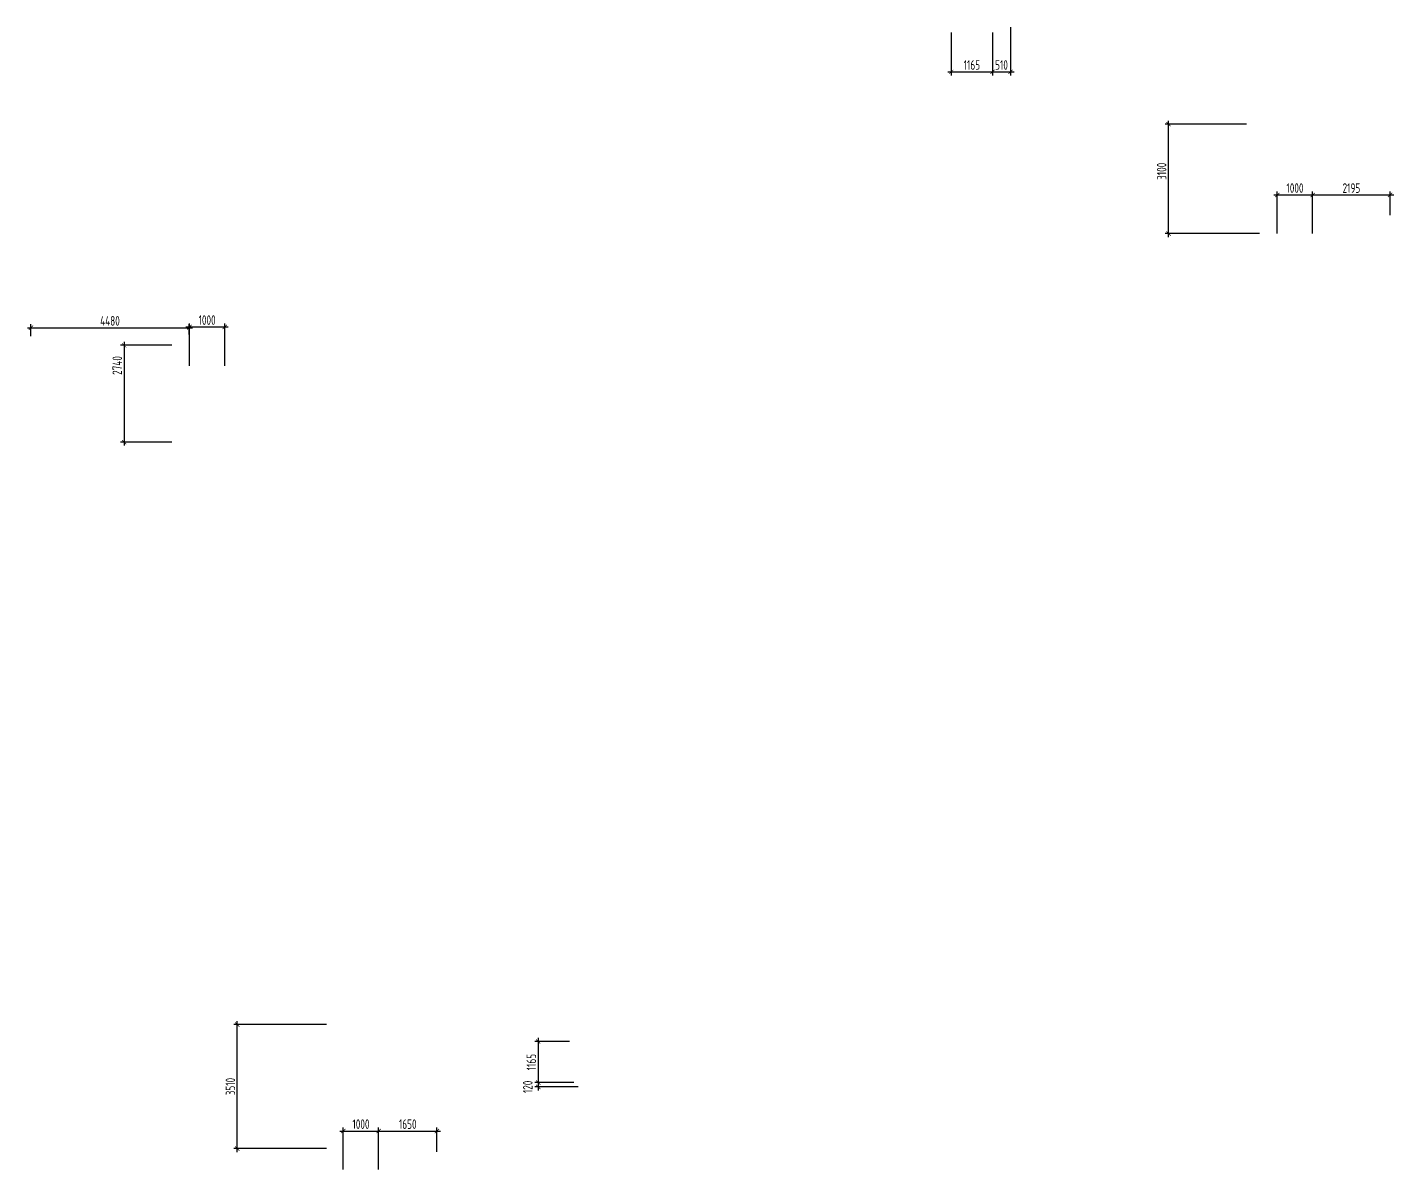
# Model space of a CAD drawing. Header units: millimetres. Extents: x -350007 to 535970, y -888 to 133718.
# Drawn here: x 197981 to 236681, y 94991 to 127351 of the extents above; entities that cross this region are included whole.
import ezdxf

# ---------------------------------------------------------------- set-up
doc = ezdxf.new("R2010")
doc.units = ezdxf.units.MM
doc.layers.add('АР_Размеры нов.', color=15, linetype='Continuous', lineweight=0)
doc.styles.add('ISOCPEUR', font='isocpeur.ttf', dxfattribs={"width": 0.7})
doc.dimstyles.new('R_100', dxfattribs={"dimtxt": 270, "dimasz": 120, "dimexe": 100, "dimexo": 0, "dimgap": 60, "dimtad": 1, "dimdec": 0, "dimrnd": 5, "dimzin": 0, "dimdsep": 46, "dimtxsty": 'ISOCPEUR', "dimblk": 'ARCHTICK', "dimcen": 0, "dimdle": 100, "dimclrd": 256, "dimclre": 256, "dimclrt": 256, "dimadec": 0, "dimazin": 0, "dimtfac": 2, "dimtdec": 0, "dimtofl": 0, "dimtmove": 1, "dimatfit": 3, "dimfxl": 1, "dimtvp": 3, "dimtolj": 1, "dimtzin": 0, "dimarcsym": 0})

# ---------------------------------------------------------------- blocks, each defined once
blk = doc.blocks.new('_ArchTick')
at = {"color": 0, "linetype": 'ByBlock', "const_width": 0.15}
blk.add_lwpolyline([(-0.5, -0.5), (0.5, 0.5)], dxfattribs=at)
blk = doc.blocks.new('*D2756')
at = {"layer": 'АР_Размеры нов.', "lineweight": -2, "ltscale": 100, "transparency": 16777216}
for p, q in [((224150, 127200), (224150, 125989)), ((225317, 127200), (225317, 125989)), ((224050, 126089), (225417, 126089))]:
    blk.add_line(p, q, dxfattribs=at)
at = {"layer": 'АР_Размеры нов.', "lineweight": -2, "ltscale": 100, "transparency": 16777216, "xscale": 120, "yscale": 120, "zscale": 120, "rotation": 180}
blk.add_blockref('_ArchTick', (224150, 126089), dxfattribs=at)
at = {"layer": 'АР_Размеры нов.', "lineweight": -2, "ltscale": 100, "transparency": 16777216, "xscale": 120, "yscale": 120, "zscale": 120}
blk.add_blockref('_ArchTick', (225317, 126089), dxfattribs=at)
at = {"layer": 'АР_Размеры нов.', "ltscale": 100, "transparency": 16777216, "insert": (224734, 126284), "char_height": 270, "attachment_point": 5, "style": 'ISOCPEUR'}
blk.add_mtext('\\A1;1165', dxfattribs=at)
blk = doc.blocks.new('*D2757')
at = {"layer": 'АР_Размеры нов.', "lineweight": -2, "ltscale": 100, "transparency": 16777216}
for p, q in [((212451, 98723), (212451, 97356)), ((213339, 98623), (212351, 98623)), ((213339, 97456), (212351, 97456))]:
    blk.add_line(p, q, dxfattribs=at)
at = {"layer": 'АР_Размеры нов.', "lineweight": -2, "ltscale": 100, "transparency": 16777216, "xscale": 120, "yscale": 120, "zscale": 120}
for p, rotation in [((212451, 98623), 90), ((212451, 97456), 270)]:
    blk.add_blockref('_ArchTick', p, dxfattribs=dict(at, rotation=rotation))
at = {"layer": 'АР_Размеры нов.', "ltscale": 100, "transparency": 16777216, "insert": (212256, 98039), "char_height": 270, "attachment_point": 5, "rotation": 90, "style": 'ISOCPEUR'}
blk.add_mtext('\\A1;1165', dxfattribs=at)
blk = doc.blocks.new('*D2799')
at = {"layer": 'АР_Размеры нов.', "lineweight": -2, "ltscale": 100, "transparency": 16777216}
for p, q in [((225829, 127351), (225829, 125989)), ((225318, 127200), (225318, 125989)), ((225218, 126089), (225929, 126089))]:
    blk.add_line(p, q, dxfattribs=at)
at = {"layer": 'АР_Размеры нов.', "lineweight": -2, "ltscale": 100, "transparency": 16777216, "xscale": 120, "yscale": 120, "zscale": 120, "rotation": 180}
blk.add_blockref('_ArchTick', (225318, 126089), dxfattribs=at)
at = {"layer": 'АР_Размеры нов.', "lineweight": -2, "ltscale": 100, "transparency": 16777216, "xscale": 120, "yscale": 120, "zscale": 120}
blk.add_blockref('_ArchTick', (225829, 126089), dxfattribs=at)
at = {"layer": 'АР_Размеры нов.', "ltscale": 100, "transparency": 16777216, "insert": (225573, 126284), "char_height": 270, "attachment_point": 5, "style": 'ISOCPEUR'}
blk.add_mtext('\\A1;510', dxfattribs=at)
blk = doc.blocks.new('*D2800')
at = {"layer": 'АР_Размеры нов.', "lineweight": -2, "ltscale": 100, "transparency": 16777216}
for p, q in [((212451, 97556), (212451, 97236)), ((213459, 97456), (212351, 97456)), ((213579, 97336), (212351, 97336))]:
    blk.add_line(p, q, dxfattribs=at)
at = {"layer": 'АР_Размеры нов.', "lineweight": -2, "ltscale": 100, "transparency": 16777216, "xscale": 120, "yscale": 120, "zscale": 120}
for p, rotation in [((212451, 97456), 90), ((212451, 97336), 270)]:
    blk.add_blockref('_ArchTick', p, dxfattribs=dict(at, rotation=rotation))
at = {"layer": 'АР_Размеры нов.', "ltscale": 100, "transparency": 16777216, "insert": (212156, 97336), "char_height": 270, "attachment_point": 5, "rotation": 90, "style": 'ISOCPEUR'}
blk.add_mtext('\\A1;120', dxfattribs=at)
blk = doc.blocks.new('*D2936')
at = {"layer": 'АР_Размеры нов.', "lineweight": -2, "ltscale": 100, "transparency": 16777216}
for p, q in [((206831, 96086), (208031, 96086)), ((206931, 94991), (206931, 96186)), ((207931, 94991), (207931, 96186))]:
    blk.add_line(p, q, dxfattribs=at)
at = {"layer": 'АР_Размеры нов.', "lineweight": -2, "ltscale": 100, "transparency": 16777216, "xscale": 120, "yscale": 120, "zscale": 120, "rotation": 180}
blk.add_blockref('_ArchTick', (206931, 96086), dxfattribs=at)
at = {"layer": 'АР_Размеры нов.', "lineweight": -2, "ltscale": 100, "transparency": 16777216, "xscale": 120, "yscale": 120, "zscale": 120}
blk.add_blockref('_ArchTick', (207931, 96086), dxfattribs=at)
at = {"layer": 'АР_Размеры нов.', "ltscale": 100, "transparency": 16777216, "insert": (207431, 96281), "char_height": 270, "attachment_point": 5, "style": 'ISOCPEUR'}
blk.add_mtext('\\A1;1000', dxfattribs=at)
blk = doc.blocks.new('*D2937')
at = {"layer": 'АР_Размеры нов.', "lineweight": -2, "ltscale": 100, "transparency": 16777216}
for p, q in [((207831, 96086), (209681, 96086)), ((207931, 95917), (207931, 96186)), ((209581, 95492), (209581, 96186))]:
    blk.add_line(p, q, dxfattribs=at)
at = {"layer": 'АР_Размеры нов.', "lineweight": -2, "ltscale": 100, "transparency": 16777216, "xscale": 120, "yscale": 120, "zscale": 120, "rotation": 180}
blk.add_blockref('_ArchTick', (207931, 96086), dxfattribs=at)
at = {"layer": 'АР_Размеры нов.', "lineweight": -2, "ltscale": 100, "transparency": 16777216, "xscale": 120, "yscale": 120, "zscale": 120}
blk.add_blockref('_ArchTick', (209581, 96086), dxfattribs=at)
at = {"layer": 'АР_Размеры нов.', "ltscale": 100, "transparency": 16777216, "insert": (208756, 96281), "char_height": 270, "attachment_point": 5, "style": 'ISOCPEUR'}
blk.add_mtext('\\A1;1650', dxfattribs=at)
blk = doc.blocks.new('*D2938')
at = {"layer": 'АР_Размеры нов.', "lineweight": -2, "ltscale": 100, "transparency": 16777216}
for p, q in [((206450, 99101), (203827, 99101)), ((203927, 95488), (203927, 99201)), ((206450, 95588), (203827, 95588))]:
    blk.add_line(p, q, dxfattribs=at)
at = {"layer": 'АР_Размеры нов.', "lineweight": -2, "ltscale": 100, "transparency": 16777216, "xscale": 120, "yscale": 120, "zscale": 120}
for p, rotation in [((203927, 99101), 90), ((203927, 95588), 270)]:
    blk.add_blockref('_ArchTick', p, dxfattribs=dict(at, rotation=rotation))
at = {"layer": 'АР_Размеры нов.', "ltscale": 100, "transparency": 16777216, "insert": (203732, 97344), "char_height": 270, "attachment_point": 5, "rotation": 90, "style": 'ISOCPEUR'}
blk.add_mtext('\\A1;3510', dxfattribs=at)
blk = doc.blocks.new('*D2939')
at = {"layer": 'АР_Размеры нов.', "lineweight": -2, "ltscale": 100, "transparency": 16777216}
for p, q in [((202473, 118862), (203673, 118862)), ((202573, 117766), (202573, 118962)), ((203573, 117766), (203573, 118962))]:
    blk.add_line(p, q, dxfattribs=at)
at = {"layer": 'АР_Размеры нов.', "lineweight": -2, "ltscale": 100, "transparency": 16777216, "xscale": 120, "yscale": 120, "zscale": 120, "rotation": 180}
blk.add_blockref('_ArchTick', (202573, 118862), dxfattribs=at)
at = {"layer": 'АР_Размеры нов.', "lineweight": -2, "ltscale": 100, "transparency": 16777216, "xscale": 120, "yscale": 120, "zscale": 120}
blk.add_blockref('_ArchTick', (203573, 118862), dxfattribs=at)
at = {"layer": 'АР_Размеры нов.', "ltscale": 100, "transparency": 16777216, "insert": (203073, 119057), "char_height": 270, "attachment_point": 5, "style": 'ISOCPEUR'}
blk.add_mtext('\\A1;1000', dxfattribs=at)
blk = doc.blocks.new('*D2940')
at = {"layer": 'АР_Размеры нов.', "lineweight": -2, "ltscale": 100, "transparency": 16777216}
for p, q in [((197981, 118840), (202663, 118840)), ((198081, 118601), (198081, 118940)), ((202563, 118647), (202563, 118940))]:
    blk.add_line(p, q, dxfattribs=at)
at = {"layer": 'АР_Размеры нов.', "lineweight": -2, "ltscale": 100, "transparency": 16777216, "xscale": 120, "yscale": 120, "zscale": 120, "rotation": 180}
blk.add_blockref('_ArchTick', (198081, 118840), dxfattribs=at)
at = {"layer": 'АР_Размеры нов.', "lineweight": -2, "ltscale": 100, "transparency": 16777216, "xscale": 120, "yscale": 120, "zscale": 120}
blk.add_blockref('_ArchTick', (202563, 118840), dxfattribs=at)
at = {"layer": 'АР_Размеры нов.', "ltscale": 100, "transparency": 16777216, "insert": (200322, 119035), "char_height": 270, "attachment_point": 5, "style": 'ISOCPEUR'}
blk.add_mtext('\\A1;4480', dxfattribs=at)
blk = doc.blocks.new('*D2941')
at = {"layer": 'АР_Размеры нов.', "lineweight": -2, "ltscale": 100, "transparency": 16777216}
for p, q in [((200723, 118443), (200723, 115501)), ((202072, 118343), (200623, 118343)), ((202072, 115601), (200623, 115601))]:
    blk.add_line(p, q, dxfattribs=at)
at = {"layer": 'АР_Размеры нов.', "lineweight": -2, "ltscale": 100, "transparency": 16777216, "xscale": 120, "yscale": 120, "zscale": 120}
for p, rotation in [((200723, 118343), 90), ((200723, 115601), 270)]:
    blk.add_blockref('_ArchTick', p, dxfattribs=dict(at, rotation=rotation))
at = {"layer": 'АР_Размеры нов.', "ltscale": 100, "transparency": 16777216, "insert": (200528, 117771), "char_height": 270, "attachment_point": 5, "rotation": 90, "style": 'ISOCPEUR'}
blk.add_mtext('\\A1;2740', dxfattribs=at)
blk = doc.blocks.new('*D2942')
at = {"layer": 'АР_Размеры нов.', "lineweight": -2, "ltscale": 100, "transparency": 16777216}
for p, q in [((233385, 121507), (233385, 122702)), ((234385, 121507), (234385, 122702)), ((233285, 122602), (234485, 122602))]:
    blk.add_line(p, q, dxfattribs=at)
at = {"layer": 'АР_Размеры нов.', "lineweight": -2, "ltscale": 100, "transparency": 16777216, "xscale": 120, "yscale": 120, "zscale": 120, "rotation": 180}
blk.add_blockref('_ArchTick', (233385, 122602), dxfattribs=at)
at = {"layer": 'АР_Размеры нов.', "lineweight": -2, "ltscale": 100, "transparency": 16777216, "xscale": 120, "yscale": 120, "zscale": 120}
blk.add_blockref('_ArchTick', (234385, 122602), dxfattribs=at)
at = {"layer": 'АР_Размеры нов.', "ltscale": 100, "transparency": 16777216, "insert": (233885, 122797), "char_height": 270, "attachment_point": 5, "style": 'ISOCPEUR'}
blk.add_mtext('\\A1;1000', dxfattribs=at)
blk = doc.blocks.new('*D2943')
at = {"layer": 'АР_Размеры нов.', "lineweight": -2, "ltscale": 100, "transparency": 16777216}
for p, q in [((234385, 122433), (234385, 122702)), ((236581, 122030), (236581, 122702)), ((234285, 122602), (236681, 122602))]:
    blk.add_line(p, q, dxfattribs=at)
at = {"layer": 'АР_Размеры нов.', "lineweight": -2, "ltscale": 100, "transparency": 16777216, "xscale": 120, "yscale": 120, "zscale": 120, "rotation": 180}
blk.add_blockref('_ArchTick', (234385, 122602), dxfattribs=at)
at = {"layer": 'АР_Размеры нов.', "lineweight": -2, "ltscale": 100, "transparency": 16777216, "xscale": 120, "yscale": 120, "zscale": 120}
blk.add_blockref('_ArchTick', (236581, 122602), dxfattribs=at)
at = {"layer": 'АР_Размеры нов.', "ltscale": 100, "transparency": 16777216, "insert": (235483, 122797), "char_height": 270, "attachment_point": 5, "style": 'ISOCPEUR'}
blk.add_mtext('\\A1;2195', dxfattribs=at)
blk = doc.blocks.new('*D2944')
at = {"layer": 'АР_Размеры нов.', "lineweight": -2, "ltscale": 100, "transparency": 16777216}
for p, q in [((230304, 121407), (230304, 124706)), ((232514, 124606), (230204, 124606)), ((232876, 121507), (230204, 121507))]:
    blk.add_line(p, q, dxfattribs=at)
at = {"layer": 'АР_Размеры нов.', "lineweight": -2, "ltscale": 100, "transparency": 16777216, "xscale": 120, "yscale": 120, "zscale": 120}
for p, rotation in [((230304, 124606), 90), ((230304, 121507), 270)]:
    blk.add_blockref('_ArchTick', p, dxfattribs=dict(at, rotation=rotation))
at = {"layer": 'АР_Размеры нов.', "ltscale": 100, "transparency": 16777216, "insert": (230109, 123272), "char_height": 270, "attachment_point": 5, "rotation": 90, "style": 'ISOCPEUR'}
blk.add_mtext('\\A1;3100', dxfattribs=at)

msp = doc.modelspace()

# ---------------------------------------------------------------- dimensions: what is measured, and where the dimension line sits
at = {"layer": 'АР_Размеры нов.', "ltscale": 100}
for base, p1, p2, picture, middle in [((225829, 126089.3), (225317.6, 127199.6), (225829, 127350.5), '*D2799', (225573.3, 126284.3)), ((225317.3, 126089.3), (224150.3, 127199.6), (225317.3, 127199.6), '*D2756', (224733.8, 126284.3)), ((234385.2, 122601.9), (233385.2, 121506.6), (234385.2, 121506.6), '*D2942', (233885.2, 122796.9)), ((236580.6, 122601.9), (234385.2, 122432.9), (236580.6, 122030), '*D2943', (235482.9, 122796.9)), ((202563, 118840.2), (198080.7, 118600.7), (202563, 118647.1), '*D2940', (200321.8, 119035.2)), ((203572.9, 118861.6), (202572.9, 117766.3), (203572.9, 117766.3), '*D2939', (203072.9, 119056.6)), ((207931.5, 96085.9), (206931.5, 94990.6), (207931.5, 94990.6), '*D2936', (207431.5, 96280.9)), ((209580.6, 96085.9), (207931.5, 95916.9), (209580.6, 95492.1), '*D2937', (208756, 96280.9))]:
    dim = msp.add_linear_dim(base=base, p1=p1, p2=p2, dimstyle='R_100', override={"dimpost": '\\X', "dimfxl": 2.5, "dimarcsym": 2}, dxfattribs=at)
    dim.commit()
    dim.dimension.update_dxf_attribs({"geometry": picture, "text_midpoint": middle})
for base, p1, p2, picture, middle in [((230303.6, 124605.6), (232875.8, 121506.6), (232514.1, 124605.6), '*D2944', (230303.6, 123271.5)), ((200722.7, 115600.7), (202071.6, 118342.6), (202071.6, 115600.7), '*D2941', (200722.7, 117770.7)), ((203927.289, 99100.6825), (206449.9893, 95588.2416), (206449.9893, 99100.6825), '*D2938', (203927.289, 97344.462)), ((212450.7, 97335.7), (213459.3, 97455.7), (213579.3, 97335.7), '*D2800', (212350.7, 97335.7))]:
    dim = msp.add_linear_dim(base=base, p1=p1, p2=p2, angle=90, dimstyle='R_100', override={"dimpost": '\\X', "dimfxl": 2.5, "dimarcsym": 2}, dxfattribs=at)
    dim.commit()
    dim.dimension.update_dxf_attribs({"geometry": picture, "text_midpoint": middle, "dimtype": 160})
dim = msp.add_linear_dim(base=(212450.7, 97455.7), p1=(213339.2, 98622.7), p2=(213339.2, 97455.7), angle=90, dimstyle='R_100', override={"dimpost": '\\X', "dimfxl": 2.5, "dimarcsym": 2}, dxfattribs=at)
dim.commit()
dim.dimension.update_dxf_attribs({"geometry": '*D2757', "text_midpoint": (212255.7, 98039.2)})

doc.saveas('drawing.dxf')

● Work order: Filter the entries above and return only the lines holding "linetype".

● Expected output:
doc.layers.add('АР_Размеры нов.', color=15, linetype='Continuous', lineweight=0)
at = {"color": 0, "linetype": 'ByBlock', "const_width": 0.15}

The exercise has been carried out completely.